List each line of the data that holds the word "DIRECTION".

====== Supplied entries

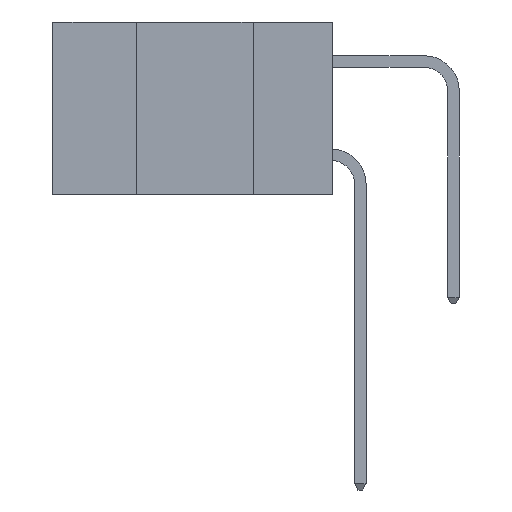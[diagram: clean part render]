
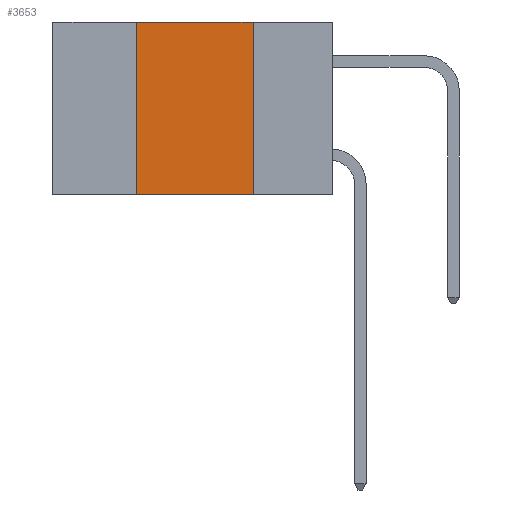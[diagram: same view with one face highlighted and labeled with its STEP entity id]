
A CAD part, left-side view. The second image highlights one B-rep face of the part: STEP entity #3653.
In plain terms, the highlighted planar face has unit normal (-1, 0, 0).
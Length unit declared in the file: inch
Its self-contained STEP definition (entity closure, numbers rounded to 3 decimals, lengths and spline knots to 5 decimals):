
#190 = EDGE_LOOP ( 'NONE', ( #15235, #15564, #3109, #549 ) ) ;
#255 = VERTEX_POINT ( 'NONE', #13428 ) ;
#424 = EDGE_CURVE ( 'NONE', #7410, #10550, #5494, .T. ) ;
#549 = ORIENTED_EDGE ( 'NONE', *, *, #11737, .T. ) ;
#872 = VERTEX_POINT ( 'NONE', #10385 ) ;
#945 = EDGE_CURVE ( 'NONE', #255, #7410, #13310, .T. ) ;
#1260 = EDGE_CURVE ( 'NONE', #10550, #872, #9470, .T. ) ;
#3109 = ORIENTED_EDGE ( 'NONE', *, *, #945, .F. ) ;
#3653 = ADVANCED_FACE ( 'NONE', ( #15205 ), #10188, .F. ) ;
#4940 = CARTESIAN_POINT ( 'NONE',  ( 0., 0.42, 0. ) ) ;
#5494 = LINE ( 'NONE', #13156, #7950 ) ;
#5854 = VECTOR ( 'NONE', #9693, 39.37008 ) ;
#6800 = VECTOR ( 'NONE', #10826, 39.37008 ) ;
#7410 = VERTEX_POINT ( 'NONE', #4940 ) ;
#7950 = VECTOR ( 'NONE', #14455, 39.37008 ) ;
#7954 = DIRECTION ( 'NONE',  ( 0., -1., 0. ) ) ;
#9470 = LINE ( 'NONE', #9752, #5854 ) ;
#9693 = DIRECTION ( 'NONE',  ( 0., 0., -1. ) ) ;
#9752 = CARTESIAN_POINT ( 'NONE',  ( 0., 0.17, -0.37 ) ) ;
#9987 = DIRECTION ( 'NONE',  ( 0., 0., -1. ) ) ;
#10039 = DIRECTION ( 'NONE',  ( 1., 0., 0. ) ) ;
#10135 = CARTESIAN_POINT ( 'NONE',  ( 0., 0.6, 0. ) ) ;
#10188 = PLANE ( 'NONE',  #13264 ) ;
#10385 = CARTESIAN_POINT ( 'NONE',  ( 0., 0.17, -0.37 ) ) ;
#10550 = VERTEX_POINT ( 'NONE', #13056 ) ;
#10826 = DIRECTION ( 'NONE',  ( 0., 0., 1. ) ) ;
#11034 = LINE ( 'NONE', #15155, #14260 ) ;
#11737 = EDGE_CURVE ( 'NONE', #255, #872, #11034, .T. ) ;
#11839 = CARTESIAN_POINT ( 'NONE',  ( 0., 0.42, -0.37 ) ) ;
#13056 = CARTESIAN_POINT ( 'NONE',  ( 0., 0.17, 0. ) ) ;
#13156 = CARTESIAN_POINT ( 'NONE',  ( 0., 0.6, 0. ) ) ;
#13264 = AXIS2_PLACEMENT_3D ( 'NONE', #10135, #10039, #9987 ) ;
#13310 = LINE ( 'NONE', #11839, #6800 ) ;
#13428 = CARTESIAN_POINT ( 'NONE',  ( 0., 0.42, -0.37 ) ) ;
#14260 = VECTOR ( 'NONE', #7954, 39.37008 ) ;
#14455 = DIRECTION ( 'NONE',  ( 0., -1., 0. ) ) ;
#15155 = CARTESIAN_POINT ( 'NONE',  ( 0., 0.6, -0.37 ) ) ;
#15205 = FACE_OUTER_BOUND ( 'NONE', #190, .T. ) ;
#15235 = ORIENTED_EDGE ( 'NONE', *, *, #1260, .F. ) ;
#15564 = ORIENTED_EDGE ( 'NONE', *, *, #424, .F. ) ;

============

Task solution:
#7954 = DIRECTION ( 'NONE',  ( 0., -1., 0. ) ) ;
#9693 = DIRECTION ( 'NONE',  ( 0., 0., -1. ) ) ;
#9987 = DIRECTION ( 'NONE',  ( 0., 0., -1. ) ) ;
#10039 = DIRECTION ( 'NONE',  ( 1., 0., 0. ) ) ;
#10826 = DIRECTION ( 'NONE',  ( 0., 0., 1. ) ) ;
#14455 = DIRECTION ( 'NONE',  ( 0., -1., 0. ) ) ;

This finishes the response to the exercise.